Sent from my iPhone using PG Free


----------



## sarahmurphy (Mar 22, 2012)

oh yeah - search the threads for phrases like, "My dog ate WHAT???" and MY Dog did THAT!!???" 

I think the phrase is curious rather than rebellious - just like human babies, they develop a greater sense of their surroundings and are exploring. Just like parents of human babies, you have to set the limits, draw the lines, and keep them safe. Power cords seem to be universally interesting to every young creature, by the way... 

I put the toilet paper up for about a week and the interest disappeared. 

Spike still steals and eats a lot of stuff, but he learned very quickly that MY glasses are off limits, while my husband's are not really... (mine are Rx, his are dollar store readers...)

I am sure there are things I picked up and put in a high place, out of sight, that I'll never find again... There are things I still take and put away, and hope I remember where I put them when I need them....

sarah


----------



## fjm (Jun 4, 2010)

As I recall it was around then that waste paper baskets began to live on high shelves, cables were looped up high, and loo rolls left on the floor were fair game... as Sarah says, not rebellious, just gaining confidence in exploring the manifold wonders of the world. Pity it has to be with teeth and paws, of course!


----------



## MaryLynn (Sep 8, 2012)

Sounds about right! All you can do is puppy safe your house, watch the silly little thing find stuff you never even would have imagined was fun (books at my house), and give positive reinforcement when they're chewing proper things. Keep 3 toys out that are different, and rotate them every few weeks. Too many toys on the floor sends a "everything" on the floor is a toy message! 

Have fun, and enjoy it


----------



## sophiebonita (Jul 10, 2012)

Thanks for the tips guys. It's weird... At the same time, especially today, she's been acting very skittish. It's like she's seeing everything in her environment for the first time and is scared of it. Has anybody experienced this with their 4-month old? All she wants to do is be on our king sized bed, I guess which she considers her 'safe place'.

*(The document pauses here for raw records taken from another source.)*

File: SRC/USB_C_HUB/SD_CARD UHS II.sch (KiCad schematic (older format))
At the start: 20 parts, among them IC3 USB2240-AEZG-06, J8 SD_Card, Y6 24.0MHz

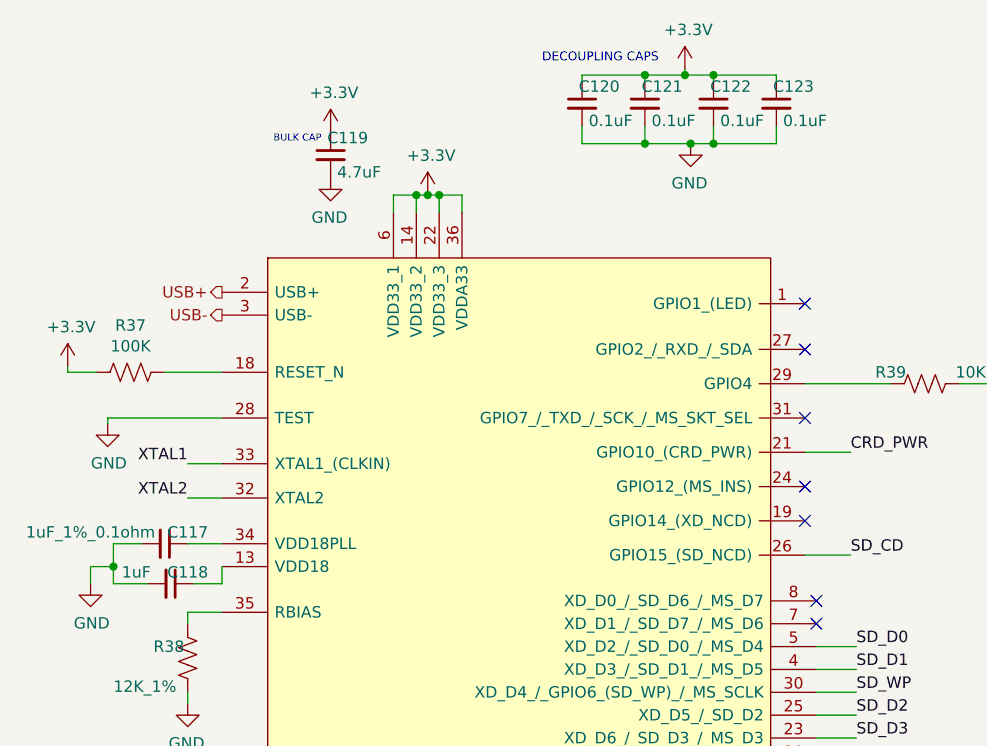
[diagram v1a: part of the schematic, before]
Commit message: schematic capture and footprint assignment complete. Pending approval
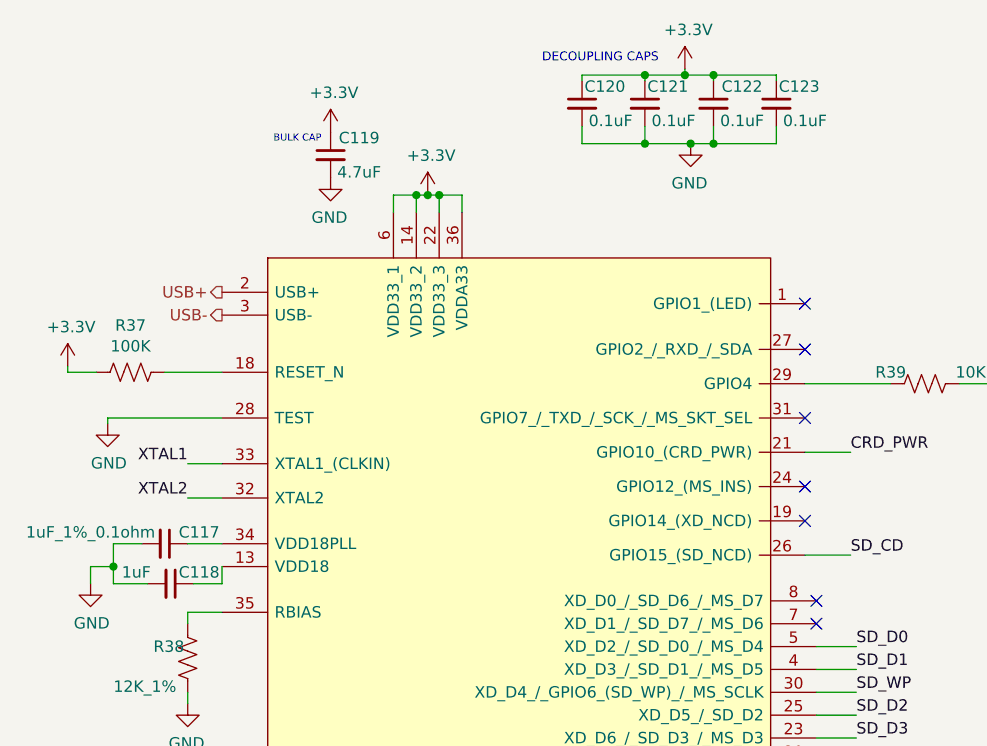
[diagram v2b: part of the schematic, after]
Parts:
- C115, C116: footprint (none) -> Capacitor_SMD:C_0402_1005Metric; Mfr No. (none) -> 0402CG180J500NT
- C117, C118: footprint (none) -> Capacitor_SMD:C_0603_1608Metric; Mfr No. (none) -> GMC10X7R105J16NT
- C119: footprint (none) -> Capacitor_SMD:C_0603_1608Metric; Mfr No. (none) -> CL10A475KQ8NNNC
- C120, C121, C122, C123: footprint (none) -> Capacitor_SMD:C_0402_1005Metric
- C124: footprint (none) -> Capacitor_SMD:C_0402_1005Metric; Mfr No (none) -> C0402C102J1GEC7411
- C125: footprint (none) -> Capacitor_SMD:C_0603_1608Metric
- C126: footprint (none) -> Capacitor_SMD:C_0402_1005Metric; Field4 (none) -> C0402C102J1GEC7411
- J8: footprint (none) -> footprints:3M_SD-RSMT-2-MQ-WF
- R36, R37, R38, R39, R40: footprint (none) -> Resistor_SMD:R_0402_1005Metric
- Y6: footprint (none) -> Crystal:Crystal_SMD_2016-4Pin_2.0x1.6mm; Mfr No. (none) -> ABM11-24.000MHZ-D2X-T3
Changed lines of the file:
@@
 F 0 "C124" H 7892 3621 50  0000 L CNN
 F 1 "1nF" H 7892 3530 50  0000 L CNN
-F 2 "" H 7800 3575 50  0001 C CNN
+F 2 "Capacitor_SMD:C_0402_1005Metric" H 7800 3575 50  0001 C CNN
 F 3 "~" H 7800 3575 50  0001 C CNN
+F 4 "C0402C102J1GEC7411" H 7800 3575 50  0001 C CNN "Mfr No"
 	1    7800 3575
 	1    0    0    -1
@@
 F 0 "J8" H 9650 4190 50  0000 C CNN
 F 1 "SD_Card" H 9650 4099 50  0000 C CNN
-F 2 "" H 9650 3525 50  0001 C CNN
+F 2 "footprints:3M_SD-RSMT-2-MQ-WF" H 9650 3525 50  0001 C CNN
 F 3 "http://portal.fciconnect.com/Comergent//fci/drawing/10067847.pdf" H 9650 3525 50  0001 C CNN
 	1    9650 3525
@@
 F 0 "R40" H 8800 2250 50  0000 C CNN
 F 1 "10K" H 8800 2500 50  0000 C CNN
-F 2 "" V 8940 2365 50  0001 C CNN
+F 2 "Resistor_SMD:R_0402_1005Metric" V 8940 2365 50  0001 C CNN
 F 3 "~" H 8900 2375 50  0001 C CNN
 	1    8900 2375
@@
 F 0 "C126" H 8642 2396 50  0000 L CNN
 F 1 "1nF" H 8642 2305 50  0000 L CNN
-F 2 "" H 8550 2350 50  0001 C CNN
+F 2 "Capacitor_SMD:C_0402_1005Metric" H 8550 2350 50  0001 C CNN
 F 3 "~" H 8550 2350 50  0001 C CNN
+F 4 "C0402C102J1GEC7411" H 8550 2350 50  0001 C CNN "Field4"
 	1    8550 2350
 	1    0    0    -1
@@
 F 0 "C125" H 8217 2396 50  0000 L CNN
 F 1 "4.7uF" H 8217 2305 50  0000 L CNN
-F 2 "" H 8125 2350 50  0001 C CNN
+F 2 "Capacitor_SMD:C_0603_1608Metric" H 8125 2350 50  0001 C CNN
 F 3 "~" H 8125 2350 50  0001 C CNN
 	1    8125 2350
@@
 F 0 "R39" V 6775 2025 50  0000 C CNN
 F 1 "10K" V 6775 2375 50  0000 C CNN
-F 2 "" V 6865 2165 50  0001 C CNN
+F 2 "Resistor_SMD:R_0402_1005Metric" V 6865 2165 50  0001 C CNN
 F 3 "~" H 6825 2175 50  0001 C CNN
 	1    6825 2175
@@
 F 0 "R38" H 3450 3425 50  0000 L CNN
 F 1 "12K_1%" H 3275 3250 50  0000 L CNN
-F 2 "" V 3640 3365 50  0001 C CNN
+F 2 "Resistor_SMD:R_0402_1005Metric" V 3640 3365 50  0001 C CNN
 F 3 "~" H 3600 3375 50  0001 C CNN
 	1    3600 3375
@@
 AR Path="/63D2BAD4/63D3323E" Ref="C119"  Part="1"
 AR Path="/66525694/63D3323E" Ref="C?"  Part="1"
-F 0 "C119" H 4300 1250 50  0000 C CNN
+F 0 "C119" H 4350 1250 50  0000 C CNN
 F 1 "4.7uF" H 4350 1100 50  0000 C CNN
-F 2 "" H 4225 1175 50  0001 C CNN
+F 2 "Capacitor_SMD:C_0603_1608Metric" H 4225 1175 50  0001 C CNN
 F 3 "~" H 4225 1175 50  0001 C CNN
+F 4 "CL10A475KQ8NNNC" H 4225 1175 50  0001 C CNN "Mfr No."
 	1    4225 1175
 	1    0    0    -1
@@
 AR Path="/63D2BAD4/63D33238" Ref="C123"  Part="1"
 AR Path="/66525694/63D33238" Ref="C?"  Part="1"
-F 0 "C123" H 6250 1025 50  0000 C CNN
+F 0 "C123" H 6275 1025 50  0000 C CNN
 F 1 "0.1uF" H 6300 875 50  0000 C CNN
-F 2 "" H 6175 950 50  0001 C CNN
+F 2 "Capacitor_SMD:C_0402_1005Metric" H 6175 950 50  0001 C CNN
 F 3 "~" H 6175 950 50  0001 C CNN
 	1    6175 950
@@
 AR Path="/63D2BAD4/63D33232" Ref="C122"  Part="1"
 AR Path="/66525694/63D33232" Ref="C?"  Part="1"
-F 0 "C122" H 5975 1025 50  0000 C CNN
+F 0 "C122" H 6025 1025 50  0000 C CNN
 F 1 "0.1uF" H 6025 875 50  0000 C CNN
-F 2 "" H 5900 950 50  0001 C CNN
+F 2 "Capacitor_SMD:C_0402_1005Metric" H 5900 950 50  0001 C CNN
 F 3 "~" H 5900 950 50  0001 C CNN
 	1    5900 950
@@
 AR Path="/63D2BAD4/642D7816" Ref="C121"  Part="1"
 AR Path="/66525694/642D7816" Ref="C?"  Part="1"
-F 0 "C121" H 5675 1025 50  0000 C CNN
+F 0 "C121" H 5700 1025 50  0000 C CNN
 F 1 "0.1uF" H 5725 875 50  0000 C CNN
-F 2 "" H 5600 950 50  0001 C CNN
+F 2 "Capacitor_SMD:C_0402_1005Metric" H 5600 950 50  0001 C CNN
 F 3 "~" H 5600 950 50  0001 C CNN
 	1    5600 950
@@
 AR Path="/63D2BAD4/642D7815" Ref="C120"  Part="1"
 AR Path="/66525694/642D7815" Ref="C?"  Part="1"
-F 0 "C120" H 5400 1025 50  0000 C CNN
+F 0 "C120" H 5425 1025 50  0000 C CNN
 F 1 "0.1uF" H 5450 875 50  0000 C CNN
-F 2 "" H 5325 950 50  0001 C CNN
+F 2 "Capacitor_SMD:C_0402_1005Metric" H 5325 950 50  0001 C CNN
 F 3 "~" H 5325 950 50  0001 C CNN
 	1    5325 950
@@
 AR Path="/63D2BAD4/642D7814" Ref="C118"  Part="1"
 AR Path="/66525694/642D7814" Ref="C?"  Part="1"
-F 0 "C118" V 3475 3125 50  0000 C CNN
+F 0 "C118" V 3475 3175 50  0000 C CNN
 F 1 "1uF" V 3475 2900 50  0000 C CNN
-F 2 "" H 3525 3050 50  0001 C CNN
+F 2 "Capacitor_SMD:C_0603_1608Metric" H 3525 3050 50  0001 C CNN
 F 3 "~" H 3525 3050 50  0001 C CNN
+F 4 "GMC10X7R105J16NT" V 3525 3050 50  0001 C CNN "Mfr No."
 	1    3525 3050
 	0    1    1    0
@@
 AR Path="/63D2BAD4/642D7812" Ref="C117"  Part="1"
 AR Path="/66525694/642D7812" Ref="C?"  Part="1"
-F 0 "C117" V 3450 2975 50  0000 C CNN
+F 0 "C117" V 3450 3025 50  0000 C CNN
 F 1 "1uF_1%_0.1ohm" V 3450 2550 50  0000 C CNN
-F 2 "" H 3500 2875 50  0001 C CNN
+F 2 "Capacitor_SMD:C_0603_1608Metric" H 3500 2875 50  0001 C CNN
 F 3 "~" H 3500 2875 50  0001 C CNN
+F 4 "GMC10X7R105J16NT" V 3500 2875 50  0001 C CNN "Mfr No."
 	1    3500 2875
 	0    1    1    0
@@
 F 0 "R37" V 3555 2125 50  0000 C CNN
 F 1 "100K" V 3464 2125 50  0000 C CNN
-F 2 "" V 3390 2115 50  0001 C CNN
+F 2 "Resistor_SMD:R_0402_1005Metric" V 3390 2115 50  0001 C CNN
 F 3 "~" H 3350 2125 50  0001 C CNN
 	1    3350 2125
@@
 F 0 "Y6" V 1775 3850 50  0000 L CNN
 F 1 "24.0MHz" V 1550 3800 50  0000 L CNN
-F 2 "" H 1675 3750 50  0001 C CNN
+F 2 "Crystal:Crystal_SMD_2016-4Pin_2.0x1.6mm" H 1675 3750 50  0001 C CNN
 F 3 "~" H 1675 3750 50  0001 C CNN
+F 4 "ABM11-24.000MHZ-D2X-T3" V 1675 3750 50  0001 C CNN "Mfr No."
 	1    1675 3750
 	0    1    1    0
@@
 F 0 "C116" V 1146 3400 50  0000 C CNN
 F 1 "18pF" V 1237 3400 50  0000 C CNN
-F 2 "" H 1375 3400 50  0001 C CNN
+F 2 "Capacitor_SMD:C_0402_1005Metric" H 1375 3400 50  0001 C CNN
 F 3 "~" H 1375 3400 50  0001 C CNN
+F 4 " 0402CG180J500NT" V 1375 3400 50  0001 C CNN "Mfr No."
 	1    1375 3400
 	0    1    1    0
@@
 F 0 "C115" V 1121 4050 50  0000 C CNN
 F 1 "18pF" V 1212 4050 50  0000 C CNN
-F 2 "" H 1350 4050 50  0001 C CNN
+F 2 "Capacitor_SMD:C_0402_1005Metric" H 1350 4050 50  0001 C CNN
 F 3 "~" H 1350 4050 50  0001 C CNN
+F 4 " 0402CG180J500NT" V 1350 4050 50  0001 C CNN "Mfr No."
 	1    1350 4050
 	0    1    1    0
@@
 F 0 "R36" H 2243 3721 50  0000 L CNN
 F 1 "1M" H 2243 3630 50  0000 L CNN
-F 2 "" V 2215 3665 50  0001 C CNN
+F 2 "Resistor_SMD:R_0402_1005Metric" V 2215 3665 50  0001 C CNN
 F 3 "~" H 2175 3675 50  0001 C CNN
 	1    2175 3675

Sent from my iPhone using PG Free


----------



## MaryLynn (Sep 8, 2012)

Sophiebonita, 

Check out this website, it was the best closest thing to a behavioral dog book I read a couple years ago when I was dealing with my first puppy. I believe the time frames are fairly accurate, and I do find that most puppies tend to go through these phases as they progress. Definitely sounds like you're going through the flight instinct and possibly the second fear stage? I am sure if this brief outline interests your interest you could find something more complete online or in a library!

Developmental Stages


----------



## sarahmurphy (Mar 22, 2012)

oh yeah - all of a sudden, the sofa is big and scary, people are new and scary, the dog food is new and scary - really - we spent a few weeks, at least, re-introducing almost everything in the house to the dog - "Okay, silly - that's the bathtub, remember??" we almost wondered if he's stroked out in the middle of the night without our noticing or come down with some form of amnesia, but we asked other puppy owners, and it did pass with theirs, and it's mostly passed with ours (10 mos now)...

sarah


----------